Below are records; reproduce exactly the lines from the one containing "line L2 (-25.4, -12.7) -> (-25.4, 19.05)" through the end, both included, and only those.

Stored data entries:

---*---

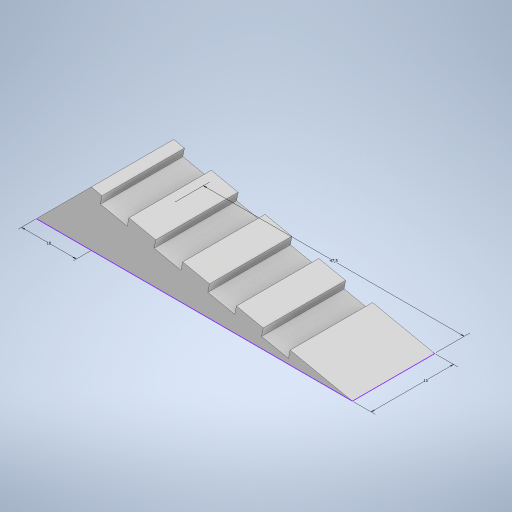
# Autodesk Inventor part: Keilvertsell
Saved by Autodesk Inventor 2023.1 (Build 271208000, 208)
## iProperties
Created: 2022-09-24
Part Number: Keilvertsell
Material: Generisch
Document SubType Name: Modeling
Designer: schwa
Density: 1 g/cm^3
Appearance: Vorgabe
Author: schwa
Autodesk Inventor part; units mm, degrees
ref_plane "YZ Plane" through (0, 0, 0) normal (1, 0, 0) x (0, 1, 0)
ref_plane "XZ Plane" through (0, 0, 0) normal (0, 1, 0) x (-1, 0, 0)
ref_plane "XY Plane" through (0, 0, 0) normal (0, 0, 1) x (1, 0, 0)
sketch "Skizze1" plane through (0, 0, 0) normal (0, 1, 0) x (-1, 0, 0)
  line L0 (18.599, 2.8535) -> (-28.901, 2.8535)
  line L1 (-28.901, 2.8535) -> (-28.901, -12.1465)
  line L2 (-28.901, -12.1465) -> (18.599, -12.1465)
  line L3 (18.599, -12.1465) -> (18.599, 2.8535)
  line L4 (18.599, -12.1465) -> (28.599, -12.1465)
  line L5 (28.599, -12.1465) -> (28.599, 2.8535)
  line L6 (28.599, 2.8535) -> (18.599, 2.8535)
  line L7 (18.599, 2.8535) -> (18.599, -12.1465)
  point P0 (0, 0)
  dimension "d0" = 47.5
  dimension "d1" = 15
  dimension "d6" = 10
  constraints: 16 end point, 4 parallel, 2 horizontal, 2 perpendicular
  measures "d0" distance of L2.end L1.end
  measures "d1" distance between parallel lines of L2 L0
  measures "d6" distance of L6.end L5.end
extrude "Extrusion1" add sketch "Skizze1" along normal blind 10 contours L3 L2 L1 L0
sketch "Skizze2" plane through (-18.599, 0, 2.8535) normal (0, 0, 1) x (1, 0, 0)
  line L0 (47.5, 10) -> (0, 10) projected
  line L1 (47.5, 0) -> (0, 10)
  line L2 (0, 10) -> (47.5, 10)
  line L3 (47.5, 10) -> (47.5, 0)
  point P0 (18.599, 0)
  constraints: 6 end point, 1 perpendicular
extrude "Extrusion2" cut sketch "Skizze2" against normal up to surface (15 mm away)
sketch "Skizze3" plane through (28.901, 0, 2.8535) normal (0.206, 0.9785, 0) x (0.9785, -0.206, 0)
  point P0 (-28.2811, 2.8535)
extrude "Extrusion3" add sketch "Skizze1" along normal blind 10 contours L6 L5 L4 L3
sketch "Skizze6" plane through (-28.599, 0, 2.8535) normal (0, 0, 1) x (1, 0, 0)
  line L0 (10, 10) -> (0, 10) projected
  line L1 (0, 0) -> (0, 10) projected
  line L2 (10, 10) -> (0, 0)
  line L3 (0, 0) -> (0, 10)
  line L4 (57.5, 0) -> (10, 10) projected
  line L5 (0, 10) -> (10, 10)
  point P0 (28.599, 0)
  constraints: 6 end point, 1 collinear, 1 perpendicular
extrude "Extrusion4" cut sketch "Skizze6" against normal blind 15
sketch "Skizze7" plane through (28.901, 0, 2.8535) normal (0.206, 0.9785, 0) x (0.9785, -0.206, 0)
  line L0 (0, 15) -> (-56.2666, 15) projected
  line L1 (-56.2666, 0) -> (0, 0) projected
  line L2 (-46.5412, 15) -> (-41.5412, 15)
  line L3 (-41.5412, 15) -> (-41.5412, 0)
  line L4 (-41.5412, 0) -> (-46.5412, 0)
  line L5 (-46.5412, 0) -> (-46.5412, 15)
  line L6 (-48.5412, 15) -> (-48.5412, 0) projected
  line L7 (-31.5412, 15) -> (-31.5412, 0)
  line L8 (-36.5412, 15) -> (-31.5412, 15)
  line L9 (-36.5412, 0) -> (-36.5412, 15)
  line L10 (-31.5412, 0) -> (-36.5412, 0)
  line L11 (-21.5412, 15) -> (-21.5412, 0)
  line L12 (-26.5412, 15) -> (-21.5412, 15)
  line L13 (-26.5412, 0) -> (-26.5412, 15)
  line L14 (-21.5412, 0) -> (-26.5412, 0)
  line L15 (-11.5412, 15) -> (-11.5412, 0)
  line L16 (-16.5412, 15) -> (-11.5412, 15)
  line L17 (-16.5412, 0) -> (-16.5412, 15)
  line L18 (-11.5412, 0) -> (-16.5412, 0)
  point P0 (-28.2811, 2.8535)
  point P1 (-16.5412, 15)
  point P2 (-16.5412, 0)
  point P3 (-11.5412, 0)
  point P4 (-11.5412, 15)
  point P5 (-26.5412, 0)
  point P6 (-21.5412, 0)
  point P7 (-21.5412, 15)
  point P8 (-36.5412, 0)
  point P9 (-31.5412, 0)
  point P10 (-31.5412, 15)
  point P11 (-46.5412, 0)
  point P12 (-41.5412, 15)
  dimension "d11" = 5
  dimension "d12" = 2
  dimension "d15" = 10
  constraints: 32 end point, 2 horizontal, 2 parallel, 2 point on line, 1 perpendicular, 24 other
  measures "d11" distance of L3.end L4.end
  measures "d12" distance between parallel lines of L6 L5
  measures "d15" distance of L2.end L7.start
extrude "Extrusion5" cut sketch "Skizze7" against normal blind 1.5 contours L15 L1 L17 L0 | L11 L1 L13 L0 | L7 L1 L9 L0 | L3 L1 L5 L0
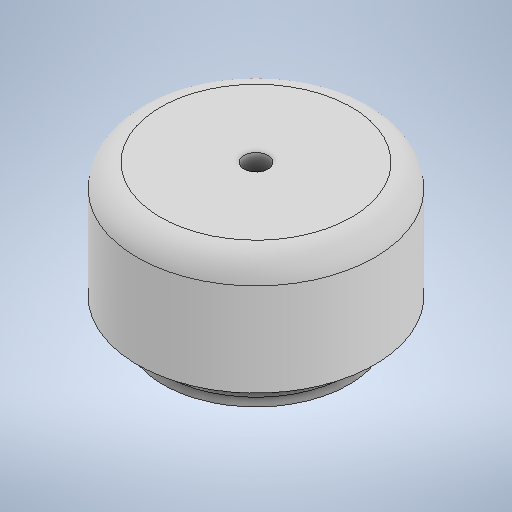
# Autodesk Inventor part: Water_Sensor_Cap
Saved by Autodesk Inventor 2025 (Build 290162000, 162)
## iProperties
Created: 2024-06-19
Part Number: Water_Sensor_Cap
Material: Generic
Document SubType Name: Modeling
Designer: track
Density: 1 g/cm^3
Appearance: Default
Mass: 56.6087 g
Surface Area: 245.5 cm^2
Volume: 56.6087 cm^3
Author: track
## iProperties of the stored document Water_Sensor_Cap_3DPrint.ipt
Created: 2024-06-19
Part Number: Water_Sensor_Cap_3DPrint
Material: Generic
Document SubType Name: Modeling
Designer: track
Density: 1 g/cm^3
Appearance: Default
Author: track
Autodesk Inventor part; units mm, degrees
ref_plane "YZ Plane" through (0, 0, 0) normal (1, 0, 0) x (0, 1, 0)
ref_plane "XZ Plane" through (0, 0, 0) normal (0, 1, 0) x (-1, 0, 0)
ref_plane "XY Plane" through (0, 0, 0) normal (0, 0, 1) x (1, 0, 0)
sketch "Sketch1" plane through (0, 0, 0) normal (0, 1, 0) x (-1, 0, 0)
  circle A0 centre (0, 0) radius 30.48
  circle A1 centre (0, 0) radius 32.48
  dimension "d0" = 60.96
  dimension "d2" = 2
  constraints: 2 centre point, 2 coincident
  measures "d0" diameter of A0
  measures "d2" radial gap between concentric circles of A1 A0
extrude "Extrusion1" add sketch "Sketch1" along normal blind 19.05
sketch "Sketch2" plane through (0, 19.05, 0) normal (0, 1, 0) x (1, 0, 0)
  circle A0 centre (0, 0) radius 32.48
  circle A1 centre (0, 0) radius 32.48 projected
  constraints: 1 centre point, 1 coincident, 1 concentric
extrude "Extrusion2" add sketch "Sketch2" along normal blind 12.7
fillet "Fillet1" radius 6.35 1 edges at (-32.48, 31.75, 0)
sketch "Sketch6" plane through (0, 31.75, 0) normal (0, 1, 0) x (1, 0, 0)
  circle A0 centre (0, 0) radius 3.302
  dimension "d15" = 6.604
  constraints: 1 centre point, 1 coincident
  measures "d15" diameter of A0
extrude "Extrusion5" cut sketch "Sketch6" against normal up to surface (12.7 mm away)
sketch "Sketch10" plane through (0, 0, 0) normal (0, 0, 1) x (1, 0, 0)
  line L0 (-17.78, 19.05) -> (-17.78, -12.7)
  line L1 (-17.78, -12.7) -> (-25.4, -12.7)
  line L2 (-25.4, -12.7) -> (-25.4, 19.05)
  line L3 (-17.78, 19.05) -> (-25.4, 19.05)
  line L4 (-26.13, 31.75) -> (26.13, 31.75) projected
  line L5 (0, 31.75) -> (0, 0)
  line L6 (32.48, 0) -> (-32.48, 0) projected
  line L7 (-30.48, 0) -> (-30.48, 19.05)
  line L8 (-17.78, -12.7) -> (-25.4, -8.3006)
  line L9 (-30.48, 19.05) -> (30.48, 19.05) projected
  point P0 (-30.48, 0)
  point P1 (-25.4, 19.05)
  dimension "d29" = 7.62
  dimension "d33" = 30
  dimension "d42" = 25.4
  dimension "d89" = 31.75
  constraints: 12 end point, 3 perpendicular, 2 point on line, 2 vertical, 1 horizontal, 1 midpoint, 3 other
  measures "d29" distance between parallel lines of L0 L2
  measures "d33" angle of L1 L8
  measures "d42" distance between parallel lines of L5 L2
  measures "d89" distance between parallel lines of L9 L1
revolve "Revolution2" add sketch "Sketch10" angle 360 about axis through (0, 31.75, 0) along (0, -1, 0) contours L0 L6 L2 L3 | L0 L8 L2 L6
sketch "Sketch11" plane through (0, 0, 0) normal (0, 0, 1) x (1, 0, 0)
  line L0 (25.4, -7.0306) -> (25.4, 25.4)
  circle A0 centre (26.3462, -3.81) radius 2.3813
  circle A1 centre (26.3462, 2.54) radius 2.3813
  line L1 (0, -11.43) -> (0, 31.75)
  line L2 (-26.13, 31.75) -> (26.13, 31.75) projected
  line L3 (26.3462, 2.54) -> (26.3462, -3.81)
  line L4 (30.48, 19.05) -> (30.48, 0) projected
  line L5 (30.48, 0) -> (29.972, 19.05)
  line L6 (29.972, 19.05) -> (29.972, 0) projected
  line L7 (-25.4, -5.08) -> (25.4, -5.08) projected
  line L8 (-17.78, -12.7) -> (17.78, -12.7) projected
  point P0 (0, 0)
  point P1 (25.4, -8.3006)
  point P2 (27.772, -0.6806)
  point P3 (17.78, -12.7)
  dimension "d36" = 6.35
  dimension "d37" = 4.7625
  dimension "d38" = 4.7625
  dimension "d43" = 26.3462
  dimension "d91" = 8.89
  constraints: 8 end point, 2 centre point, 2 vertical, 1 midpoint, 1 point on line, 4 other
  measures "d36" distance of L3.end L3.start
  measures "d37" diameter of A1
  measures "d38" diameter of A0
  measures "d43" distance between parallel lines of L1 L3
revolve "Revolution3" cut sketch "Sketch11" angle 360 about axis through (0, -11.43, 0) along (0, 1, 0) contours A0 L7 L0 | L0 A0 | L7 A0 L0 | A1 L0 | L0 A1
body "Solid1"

---*---

:: WRITTEN RESPONSE ::
  line L2 (-25.4, -12.7) -> (-25.4, 19.05)
  line L3 (-17.78, 19.05) -> (-25.4, 19.05)
  line L4 (-26.13, 31.75) -> (26.13, 31.75) projected
  line L5 (0, 31.75) -> (0, 0)
  line L6 (32.48, 0) -> (-32.48, 0) projected
  line L7 (-30.48, 0) -> (-30.48, 19.05)
  line L8 (-17.78, -12.7) -> (-25.4, -8.3006)
  line L9 (-30.48, 19.05) -> (30.48, 19.05) projected
  point P0 (-30.48, 0)
  point P1 (-25.4, 19.05)
  dimension "d29" = 7.62
  dimension "d33" = 30
  dimension "d42" = 25.4
  dimension "d89" = 31.75
  constraints: 12 end point, 3 perpendicular, 2 point on line, 2 vertical, 1 horizontal, 1 midpoint, 3 other
  measures "d29" distance between parallel lines of L0 L2
  measures "d33" angle of L1 L8
  measures "d42" distance between parallel lines of L5 L2
  measures "d89" distance between parallel lines of L9 L1
revolve "Revolution2" add sketch "Sketch10" angle 360 about axis through (0, 31.75, 0) along (0, -1, 0) contours L0 L6 L2 L3 | L0 L8 L2 L6
sketch "Sketch11" plane through (0, 0, 0) normal (0, 0, 1) x (1, 0, 0)
  line L0 (25.4, -7.0306) -> (25.4, 25.4)
  circle A0 centre (26.3462, -3.81) radius 2.3813
  circle A1 centre (26.3462, 2.54) radius 2.3813
  line L1 (0, -11.43) -> (0, 31.75)
  line L2 (-26.13, 31.75) -> (26.13, 31.75) projected
  line L3 (26.3462, 2.54) -> (26.3462, -3.81)
  line L4 (30.48, 19.05) -> (30.48, 0) projected
  line L5 (30.48, 0) -> (29.972, 19.05)
  line L6 (29.972, 19.05) -> (29.972, 0) projected
  line L7 (-25.4, -5.08) -> (25.4, -5.08) projected
  line L8 (-17.78, -12.7) -> (17.78, -12.7) projected
  point P0 (0, 0)
  point P1 (25.4, -8.3006)
  point P2 (27.772, -0.6806)
  point P3 (17.78, -12.7)
  dimension "d36" = 6.35
  dimension "d37" = 4.7625
  dimension "d38" = 4.7625
  dimension "d43" = 26.3462
  dimension "d91" = 8.89
  constraints: 8 end point, 2 centre point, 2 vertical, 1 midpoint, 1 point on line, 4 other
  measures "d36" distance of L3.end L3.start
  measures "d37" diameter of A1
  measures "d38" diameter of A0
  measures "d43" distance between parallel lines of L1 L3
revolve "Revolution3" cut sketch "Sketch11" angle 360 about axis through (0, -11.43, 0) along (0, 1, 0) contours A0 L7 L0 | L0 A0 | L7 A0 L0 | A1 L0 | L0 A1
body "Solid1"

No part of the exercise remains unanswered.